Meldungen über Schneidertage sind genauso wichtig wie die über gefangene Fische. Nur so erhält man doch ein realistisches Bild der aktuellen Lage! Wenn hier 5 Leute posten, dass auf Fehmarn zur Zeit nichts läuft, dann fahre ich woanders hin. Also bitte auch in Zukunft "Nichtfänge" und tolle Fotos hier eintragen.


----------



## MeRiDiAn (29. April 2005)

*AW: Aktuelle Meerforellenfänge Mai 05*



			
				Schweißsocke schrieb:
			
		

> Meldungen über Schneidertage sind genauso wichtig wie die über gefangene Fische. Nur so erhält man doch ein realistisches Bild der aktuellen Lage! Wenn hier 5 Leute posten, dass auf Fehmarn zur Zeit nichts läuft, dann fahre ich woanders hin. Also bitte auch in Zukunft "Nichtfänge" und tolle Fotos hier eintragen.

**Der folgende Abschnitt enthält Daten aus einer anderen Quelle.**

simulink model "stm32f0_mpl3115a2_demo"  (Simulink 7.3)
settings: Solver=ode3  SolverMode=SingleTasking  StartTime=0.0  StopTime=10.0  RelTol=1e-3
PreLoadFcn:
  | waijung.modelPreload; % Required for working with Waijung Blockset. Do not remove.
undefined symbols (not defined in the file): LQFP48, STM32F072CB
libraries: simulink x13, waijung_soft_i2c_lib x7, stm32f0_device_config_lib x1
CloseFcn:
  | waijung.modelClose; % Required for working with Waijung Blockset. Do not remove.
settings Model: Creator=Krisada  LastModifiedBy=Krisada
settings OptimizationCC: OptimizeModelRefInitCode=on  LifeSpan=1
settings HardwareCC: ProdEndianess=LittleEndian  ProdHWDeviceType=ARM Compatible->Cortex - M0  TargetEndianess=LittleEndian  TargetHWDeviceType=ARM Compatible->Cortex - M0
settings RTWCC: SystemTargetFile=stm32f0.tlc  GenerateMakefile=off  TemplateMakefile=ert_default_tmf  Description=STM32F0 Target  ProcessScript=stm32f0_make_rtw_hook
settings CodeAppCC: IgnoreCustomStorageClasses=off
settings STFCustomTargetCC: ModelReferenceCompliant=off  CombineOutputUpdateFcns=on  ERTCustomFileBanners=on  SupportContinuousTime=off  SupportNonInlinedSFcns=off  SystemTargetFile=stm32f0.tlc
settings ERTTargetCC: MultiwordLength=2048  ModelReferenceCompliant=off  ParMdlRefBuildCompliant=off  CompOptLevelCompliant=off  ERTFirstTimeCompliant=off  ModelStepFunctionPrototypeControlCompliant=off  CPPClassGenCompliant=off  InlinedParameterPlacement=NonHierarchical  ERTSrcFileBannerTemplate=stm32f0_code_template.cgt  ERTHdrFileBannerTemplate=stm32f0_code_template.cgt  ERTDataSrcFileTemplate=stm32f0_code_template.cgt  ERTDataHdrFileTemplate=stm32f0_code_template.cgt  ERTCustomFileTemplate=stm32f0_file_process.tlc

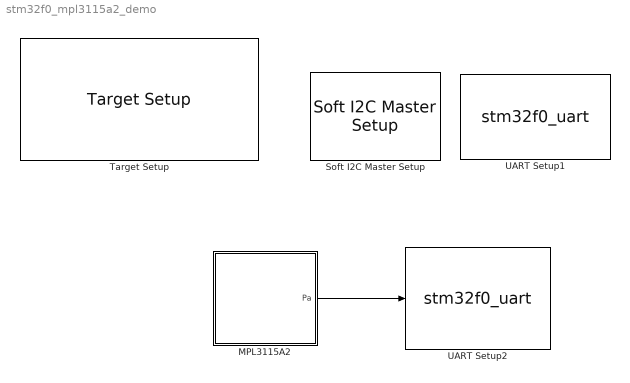
== system stm32f0_mpl3115a2_demo ==
  MPL3115A2 : Subsystem
  Soft I2C Master Setup : waijung_soft_i2c_lib/Soft I2C Master Setup  conf=Setup  targetname=stm32f0  module=1  transfer=Blocking  clk=250  timeout=25  sdapins='B7'  sclpins='B6'  writecount=1  readcount=1  waittime=0  forcestop=off  portpinstr=0  sampletime=-1  blockid=SoftI2CMasterSetup  inputporttype=[]  inputportwidth=[]  inputportlabel={}  outputporttype=[]  outputportwidth=[]  outputportlabel={}  compat=0  optionstring="[\"1\",\"250000\",\"3\",\"2\",\"1\",\"1\",\"25\",\"\",\"\",\"\",\"0\",\"1\",\"0\",\"0\",\"0\",\"0\",\"0\",\"0\",\"0\",\"\",\"1\",\"B\",\"7\",\"B\",\"6\"]"
  Target Setup : stm32f0_device_config_lib/Target Setup  Priority=100  compiler=GNU ARM  previous_compiler=GNU ARM  mcu=STM32F072CB (LQFP48)  mcustr=STM32F072CB  stdlib=STM32F072  clockconfig=FiO MOTE-ST Default (HSEOSC-8MHz/HCLK-48MHz)  system_stm32f0xx_c_path=F:\trunk\targets\stm32f0_target\stm32f0\utils\STM32F0xx_AN4055\stm32f0_default\hse8mhz_pll_hclk48mhz  showmemoryconfiguration=on  stacksize=0x400  heapsize=0x200  enableautocompiledownload=on  fullchiperase=off  programmerinterface=aMG USB Connect  editctrlstr=on  compilercontrolstr=$(patsubst %, -I%, .) -mcpu=cortex-m0 -mthumb -mabi=aapcs -Wall -O3 -mfloat-abi=soft -ffunction-sections -fdata-sections -fno-strict-aliasing -fno-builtin --short-enums  assemblercontrolstr=$(patsubst %, -I%, .) -mcpu=cortex-m0 -mtune=cortex-m0 -mthumb -Wall -O3 -Wa,-amhls=$(<:.s=.lst) -D__STACK_SIZE=$(STACK_SIZE) -D__HEAP_SIZE=$(HEAP_SIZE)  linkercontrolstr="-T$(LD_SCRIPT) -Wl,-Map=$(MAP),--cref,--no-warn-mismatch -mcpu=cortex-m0 -mthumb  -Wall -O3 -mabi=aapcs -lc -specs=nosys.specs"  runafterdownload=on  execprofile=None  profileruart=3  profilerbaud=500000  profilertxpin=Not used  profilerinitstr=0.1,48000000,4800000,500000,0  manualsetsampletime=off  sampletime=0.1  blockid=TargetSetup  systickreloadvalue=4800000  hseval=8000000  lastprofileruart=3  hclk=48000000  flashorigin=0x8000000  flashlength=128k  ramorigin=0x20000000  ramlength=16k  useextram=off
  UART Setup1 : S-Function  FunctionName=stm32f0_uart  Parameters=conf,inputporttype,inputportwidth,outputporttype,outputportwidth,asciiheader,optionstring,headerstring,terminatorstring,asciidatatypestring,sampletime,blockid  EnableBusSupport=off  mask(stm32f0_uart){conf=Setup, uartmodule=1, baudrate=115200, databits=8, parity=No, stopbit=1, remaptxpin=A9, remaprxpin=A10, flowcontrol=None, remapctspin=Not used, remaprtspin=Not used, advanceoptions=off, rxbuffersize=64, txbuffersize=64, transfer=Non-Blocking, packetmode=Binary, binheader='7E 7E', binterminator='03 03', porttype_double=1, porttype_single=1, porttype_int8=0, porttype_uint8=0, porttype_int16=0, porttype_uint16=1, porttype_int32=0, porttype_uint32=0, asciiformat='%1.2f', rx_asciiterminator=CR (0x0D - "\r"), tx_asciiterminator=CR (0x0D - "\r"), storagename=<empty>, varname=, asciiheader=, sampletime=-1, enablecustomportlabel=off, cinputportlabel=de, coutputportlabel=fff,ff,sdfsd, portpinstr=0, blockid=UARTSetup1, inputporttype=[], inputportwidth=[], inputportlabel={}, outputporttype=[], outputportwidth=[], outputportlabel={}, compat=0, optionstring=["1", "1", "A", "9", "1", "A", "10", "0", "*", "*", "0", "*", "*", "1", "1", "", "", "115200", "8", "No", "1", "None", "3", "2", "64", "64", "Binary", "Non-Blocking", ""], headerstring=[], terminatorstring=[], asciidatatypestring=[], lastmodule=1}
      mask prompts: conf "Configuration"; uartmodule "UART Module"; baudrate "Baud rate (bps)"; databits "Data bits"; stopbit "Stop bit"; remaptxpin "Tx pin"; remaprxpin "Rx pin"; flowcontrol "Hardware flow control"; remapctspin "HW Flow control, CTS Pin"; remaprtspin "HW Flow control, RTS Pin"; advanceoptions "Advance options"; rxbuffersize "Rx buffer size (bytes)"; txbuffersize "Tx buffer size (bytes)"; packetmode "Packet mode"; binheader "Binary header (example: '7E 7E')"; binterminator "Binary terminator (example: '03 03')"; porttype_double "Number of data port, type DOUBLE"; porttype_single "Number of data port, type SINGLE"; porttype_int8 "Number of data port, type INT8"; porttype_uint8 "Number of data port, type UINT8"; porttype_int16 "Number of data port, type INT16"; porttype_uint16 "Number of data port, type UINT16"; porttype_int32 "Number of data port, type INT32"; porttype_uint32 "Number of data port, type UINT32"; asciiformat "Ascii format"; rx_asciiterminator "End of packet"; tx_asciiterminator "End of packet"; storagename "Buffer"; varname "Var name"; asciiheader "Ascii header (printf format)"; sampletime "Sample time (sec)"; enablecustomportlabel "Enable custom port labels (Ex. In1, In2, In3)"; cinputportlabel "Custom input port labels (Ex. In1, In2, In3)"; coutputportlabel "Custom output port labels (Ex. Out1, Out2, Out3)"; portpinstr "Port Pin String"; blockid "Block ID"; inputporttype "Input Port Type"; inputportwidth "Input Port Width"; inputportlabel "Input Port Label"; outputporttype "Output Port Type"; outputportwidth "Output Port Width"; outputportlabel "Output port label"; compat "Compatibility (Reserved for future use)"; optionstring "String(s) to be passed to TLC"; lastmodule "Last module selected"
      mask init:
      | stm32f0_uart_callback('init');
      mask Help: web(fullfile(waijungdocroot,'stm32f0_uart.htm'), '-browser')
      mask StyleString: popup(Setup|Tx|Rx),popup(1|2|3|4),edit,popup(8),popup(No|Odd|Even),popup(0.5|1|1.5|2),popup(Not used|A9|B6),popup(Not used|A10|B7),popup(None|RTS|CTS|RTS/CTS),popup(Not used|A11),popup(Not used|A12),checkbox,popup(16|32|64|128|256|512),popup(16|32|64|128|256|512),popup(Blocking|Non-Blocking),popup(Ascii|Binary|String Buffer),edit,edit,edit,edit,edit,edit,edit,edit,edit,edit,edit,popup(CR (0x0D - "\r")|LF (0x0A - "\n")|CRLF (0x0D 0x0A - "\r\n")),popup(CR (0x0D - "\r")|LF (0x0A - "\n")|CRLF (0x0D 0x0A - "\r\n")|None),popup(<empty>),edit,edit,edit,checkbox,edit,edit,edit,edit,edit,edit,edit,edit,edit,edit,edit,edit,edit,edit,edit,edit
      mask CallbackString: stm32f0_uart_callback('conf');|stm32f0_uart_callback('uartmodule');|||||||stm32f0_uart_callback('flowcontrol');|||stm32f0_uart_callback('advanceoptions');|||stm32f0_uart_callback('conf');|stm32f0_uart_callback('conf');|stm32f0_uart_callback('binheader');|stm32f0_uart_callback('binterminator');|||||||||stm32f0_uart_callback('asciiformat');|||stm32f0_uart_callback('storagename');|||stm32f0_uart_callback('sampletime');|stm32f0_uart_callback('enablecustomportlabel');|stm32f0_uart_callback('conf');|stm32f0_uart_callback('conf');||stm32f0_uart_callback('blockid');||||||||||||
      mask Display: text(0.5, 0.5, 'Module: USART1_Setup\nBaud (Bps): 115200\nDMA Buffer: 64/64\nTx/Rx Pin: A9/A10','ver','middle','hor','center');
  UART Setup2 : S-Function  FunctionName=stm32f0_uart  Parameters=conf,inputporttype,inputportwidth,outputporttype,outputportwidth,asciiheader,optionstring,headerstring,terminatorstring,asciidatatypestring,sampletime,blockid  EnableBusSupport=off  mask(stm32f0_uart){conf=Tx, uartmodule=1, baudrate=115200, databits=8, parity=No, stopbit=1, remaptxpin=A9, remaprxpin=A10, flowcontrol=None, remapctspin=Not used, remaprtspin=Not used, advanceoptions=off, rxbuffersize=64, txbuffersize=64, transfer=Blocking, packetmode=Ascii, binheader='7E 7E', binterminator='03 03', porttype_double=1, porttype_single=1, porttype_int8=0, porttype_uint8=0, porttype_int16=0, porttype_uint16=1, porttype_int32=0, porttype_uint32=0, asciiformat='Pa=%1.2f', rx_asciiterminator=CR (0x0D - "\r"), tx_asciiterminator=CR (0x0D - "\r"), storagename=<empty>, varname=, asciiheader=Pa=%1.2f\r, sampletime=inf, enablecustomportlabel=off, cinputportlabel=de, coutputportlabel=fff,ff,sdfsd, portpinstr=0, blockid=UARTSetup2, inputporttype=[ -1], inputportwidth=[], inputportlabel={ '%f'}, outputporttype=[], outputportwidth=[], outputportlabel={}, compat=0, optionstring=["1", "1", "A", "9", "1", "A", "10", "0", "*", "*", "0", "*", "*", "1", "1", "", "", "115200", "8", "No", "1", "None", "3", "2", "64", "64", "Ascii", "Blocking", ""], headerstring=[], terminatorstring=["13"], asciidatatypestring=["float"], lastmodule=1}
      mask prompts: conf "Configuration"; uartmodule "UART Module"; baudrate "Baud rate (bps)"; databits "Data bits"; stopbit "Stop bit"; remaptxpin "Tx pin"; remaprxpin "Rx pin"; flowcontrol "Hardware flow control"; remapctspin "HW Flow control, CTS Pin"; remaprtspin "HW Flow control, RTS Pin"; advanceoptions "Advance options"; rxbuffersize "Rx buffer size (bytes)"; txbuffersize "Tx buffer size (bytes)"; packetmode "Packet mode"; binheader "Binary header (example: '7E 7E')"; binterminator "Binary terminator (example: '03 03')"; porttype_double "Number of data port, type DOUBLE"; porttype_single "Number of data port, type SINGLE"; porttype_int8 "Number of data port, type INT8"; porttype_uint8 "Number of data port, type UINT8"; porttype_int16 "Number of data port, type INT16"; porttype_uint16 "Number of data port, type UINT16"; porttype_int32 "Number of data port, type INT32"; porttype_uint32 "Number of data port, type UINT32"; asciiformat "Ascii format"; rx_asciiterminator "End of packet"; tx_asciiterminator "End of packet"; storagename "Buffer"; varname "Var name"; asciiheader "Ascii header (printf format)"; sampletime "Sample time (sec)"; enablecustomportlabel "Enable custom port labels (Ex. In1, In2, In3)"; cinputportlabel "Custom input port labels (Ex. In1, In2, In3)"; coutputportlabel "Custom output port labels (Ex. Out1, Out2, Out3)"; portpinstr "Port Pin String"; blockid "Block ID"; inputporttype "Input Port Type"; inputportwidth "Input Port Width"; inputportlabel "Input Port Label"; outputporttype "Output Port Type"; outputportwidth "Output Port Width"; outputportlabel "Output port label"; compat "Compatibility (Reserved for future use)"; optionstring "String(s) to be passed to TLC"; lastmodule "Last module selected"
      mask init:
      | stm32f0_uart_callback('init');
      mask Help: web(fullfile(waijungdocroot,'stm32f0_uart.htm'), '-browser')
      mask StyleString: popup(Setup|Tx|Rx),popup(1|2|3|4),edit,popup(8),popup(No|Odd|Even),popup(0.5|1|1.5|2),popup(Not used|A9|B6),popup(Not used|A10|B7),popup(None|RTS|CTS|RTS/CTS),popup(Not used|A11),popup(Not used|A12),checkbox,popup(16|32|64|128|256|512),popup(16|32|64|128|256|512),popup(Blocking|Non-Blocking),popup(Ascii|Binary|String Buffer),edit,edit,edit,edit,edit,edit,edit,edit,edit,edit,edit,popup(CR (0x0D - "\r")|LF (0x0A - "\n")|CRLF (0x0D 0x0A - "\r\n")),popup(CR (0x0D - "\r")|LF (0x0A - "\n")|CRLF (0x0D 0x0A - "\r\n")|None),popup(<empty>),edit,edit,edit,checkbox,edit,edit,edit,edit,edit,edit,edit,edit,edit,edit,edit,edit,edit,edit,edit,edit
      mask CallbackString: stm32f0_uart_callback('conf');|stm32f0_uart_callback('uartmodule');|||||||stm32f0_uart_callback('flowcontrol');|||stm32f0_uart_callback('advanceoptions');|||stm32f0_uart_callback('conf');|stm32f0_uart_callback('conf');|stm32f0_uart_callback('binheader');|stm32f0_uart_callback('binterminator');|||||||||stm32f0_uart_callback('asciiformat');|||stm32f0_uart_callback('storagename');|||stm32f0_uart_callback('sampletime');|stm32f0_uart_callback('enablecustomportlabel');|stm32f0_uart_callback('conf');|stm32f0_uart_callback('conf');||stm32f0_uart_callback('blockid');||||||||||||
      mask Display: text(0.95, 0.5, 'Module: USART1_Tx\nPacket: Ascii\nTransfer: Blocking\nTs (sec): 0.5','ver','middle','hor','right'); port_label('input', 1,'%f');
  wires:
  MPL3115A2/1(Pa) -> UART Setup2/1

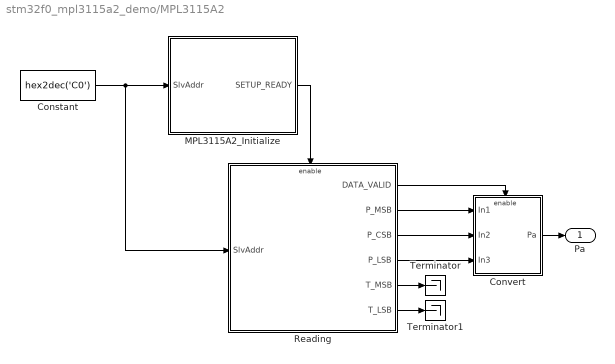
== system stm32f0_mpl3115a2_demo/MPL3115A2 ==
  Constant : Constant  Value=hex2dec('C0')  OutDataTypeMode=uint8  OutDataType=fixdt(1, 16)  OutScaling=2^0  OutDataTypeStr=uint8  SampleTime=0.5
  Convert : Subsystem
  MPL3115A2_Initialize : Subsystem
  Reading : Subsystem  TreatAsAtomicUnit=on
  Terminator : Terminator
  Terminator1 : Terminator
  Pa : Outport
  wires:
  Constant/1 -> MPL3115A2_Initialize/1(SlvAddr), Reading/1(SlvAddr)
  Reading/1(DATA_VALID) -> Convert/Enable
  Reading/6(T_LSB) -> Terminator1/1
  Reading/5(T_MSB) -> Terminator/1
  Reading/4(P_LSB) -> Convert/3(In3)
  Reading/3(P_CSB) -> Convert/2(In2)
  Reading/2(P_MSB) -> Convert/1(In1)
  MPL3115A2_Initialize/1(SETUP_READY) -> Reading/Enable
  Convert/1(Pa) -> Pa/1

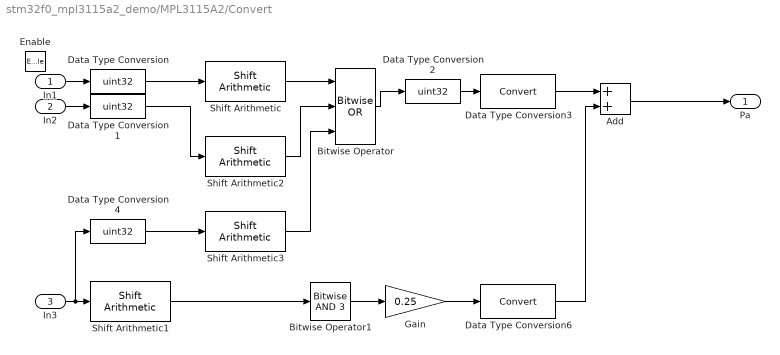
== system stm32f0_mpl3115a2_demo/MPL3115A2/Convert ==
  In1 : Inport
  In2 : Inport  Port=2
  In3 : Inport  Port=3
  Enable : EnablePort
  Add : Sum  OutDataType=fixdt(1, 16)  OutScaling=2^-10
  Bitwise Operator : simulink/Logic and Bit Operations/Bitwise Operator  logicop=OR  UseBitMask=off  NumInputPorts=3  BitMask=bin2dec('11011001')  BitMaskRealWorld=Stored Integer
  Bitwise Operator1 : simulink/Logic and Bit Operations/Bitwise Operator  logicop=AND  UseBitMask=on  BitMask=3  BitMaskRealWorld=Stored Integer
  Data Type Conversion{,1..2,4} (4 alike) : DataTypeConversion  OutDataTypeMode=uint32  OutDataType=fixdt(1, 16)  OutScaling=2^0  OutDataTypeStr=uint32
  Data Type Conversion3 : DataTypeConversion  OutDataType=fixdt(1, 16)  OutScaling=2^0
  Data Type Conversion6 : DataTypeConversion  OutDataType=fixdt(1, 16)  OutScaling=2^0
  Gain : Gain  Gain=0.25  ParameterDataType=fixdt(1, 16)  ParameterScaling=2^0  OutDataType=fixdt(1, 16)  OutScaling=2^0
  Shift Arithmetic : simulink/Logic and Bit Operations/Shift Arithmetic  SystemSampleTime=-1  nBitShiftRight=-10  nBinPtShiftRight=0
  Shift Arithmetic1 : simulink/Logic and Bit Operations/Shift Arithmetic  SystemSampleTime=-1  nBitShiftRight=4  nBinPtShiftRight=0
  Shift Arithmetic2 : simulink/Logic and Bit Operations/Shift Arithmetic  SystemSampleTime=-1  nBitShiftRight=-2  nBinPtShiftRight=0
  Shift Arithmetic3 : simulink/Logic and Bit Operations/Shift Arithmetic  SystemSampleTime=-1  nBitShiftRight=6  nBinPtShiftRight=0
  Pa : Outport  OutDataType=fixdt(1, 16)  OutScaling=2^0
  wires:
  Shift Arithmetic3/1 -> Bitwise Operator/3
  Data Type Conversion4/1 -> Shift Arithmetic3/1
  Shift Arithmetic2/1 -> Bitwise Operator/2
  In3/1 -> Data Type Conversion4/1, Shift Arithmetic1/1
  In2/1 -> Data Type Conversion1/1
  Add/1 -> Pa/1
  In1/1 -> Data Type Conversion/1
  Data Type Conversion6/1 -> Add/2
  Gain/1 -> Data Type Conversion6/1
  Data Type Conversion3/1 -> Add/1
  Bitwise Operator1/1 -> Gain/1
  Shift Arithmetic1/1 -> Bitwise Operator1/1
  Data Type Conversion2/1 -> Data Type Conversion3/1
  Bitwise Operator/1 -> Data Type Conversion2/1
  Data Type Conversion1/1 -> Shift Arithmetic2/1
  Shift Arithmetic/1 -> Bitwise Operator/1
  Data Type Conversion/1 -> Shift Arithmetic/1

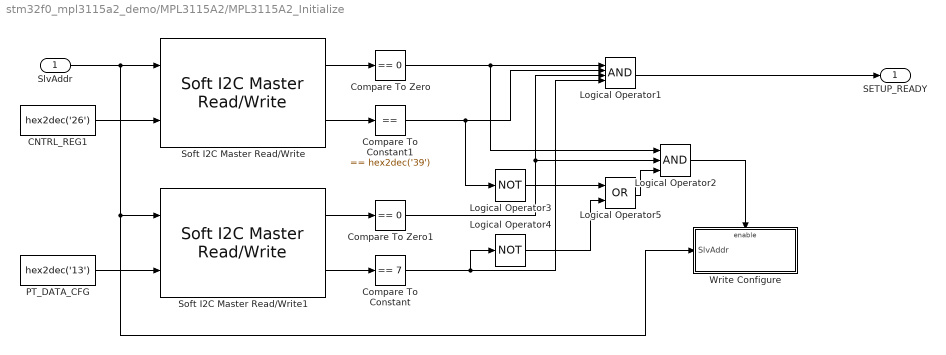
== system stm32f0_mpl3115a2_demo/MPL3115A2/MPL3115A2_Initialize ==
  SlvAddr : Inport  OutDataType=fixdt(1, 16)  OutScaling=2^0
  CNTRL_REG1 : Constant  Value=hex2dec('26')  OutDataTypeMode=uint8  OutDataType=fixdt(1, 16)  OutScaling=2^0  OutDataTypeStr=uint8
  Compare To Constant : simulink/Logic and Bit Operations/Compare To Constant  SystemSampleTime=-1  relop===  const=7  LogicOutDataTypeMode=boolean  ZeroCross=off
  Compare To Constant1 : simulink/Logic and Bit Operations/Compare To Constant  SystemSampleTime=-1  relop===  const=hex2dec('39')  LogicOutDataTypeMode=boolean  ZeroCross=off
  Compare To Zero : simulink/Logic and Bit Operations/Compare To Zero  SystemSampleTime=-1  relop===  LogicOutDataTypeMode=boolean  ZeroCross=off
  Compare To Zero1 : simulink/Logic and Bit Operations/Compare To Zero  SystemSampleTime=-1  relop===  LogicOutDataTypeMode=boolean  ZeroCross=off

*ABSOLUTE ZUSTIMMUNG !!!!*


----------



## Dorschi (29. April 2005)

*AW: Aktuelle Meerforellenfänge Mai 05*

Genau! Nur so lernt man ev. auch aus den Fehlern der anderen!


----------



## Seatrout (29. April 2005)

*AW: Aktuelle Meerforellenfänge Mai 05*

Auch von mir "*Totale Zustimmung*"!!
Auch Posts ohne Fangmeldung sind wichtig.

Gruß Seatrout


----------



## Quallenfischer (29. April 2005)

*AW: Aktuelle Meerforellenfänge Mai 05*



			
				Schweißsocke schrieb:
			
		

> Meldungen über Schneidertage sind genauso wichtig wie die über gefangene Fische. Nur so erhält man doch ein realistisches Bild der aktuellen Lage! Wenn hier 5 Leute posten, dass auf Fehmarn zur Zeit nichts läuft, dann fahre ich woanders hin. Also bitte auch in Zukunft "Nichtfänge" und tolle Fotos hier eintragen.



|good:


----------



## Tooori (29. April 2005)

*AW: Aktuelle Meerforellenfänge Mai 05*

Ihr Anglerfreaks seid doch total komisch! :v


----------



## Blauortsand (29. April 2005)

*AW: Aktuelle Meerforellenfänge Mai 05*



			
				Tooori schrieb:
			
		

> Ihr Anglerfreaks seid doch total komisch! :v



Klasse erster Beitrag - viel Spass dann hier im Forum! |uhoh:


----------



## Seatrout (29. April 2005)

*AW: Aktuelle Meerforellenfänge Mai 05*

@ Tooori

Ich habe zwar keine Ahnung wer du bist aber warum lässt du dich über uns Sportfischer aus?
Was haben wir denn getan?
Wir versorgen unsere Familien mit Fisch und helfen beim Naturschutz usw.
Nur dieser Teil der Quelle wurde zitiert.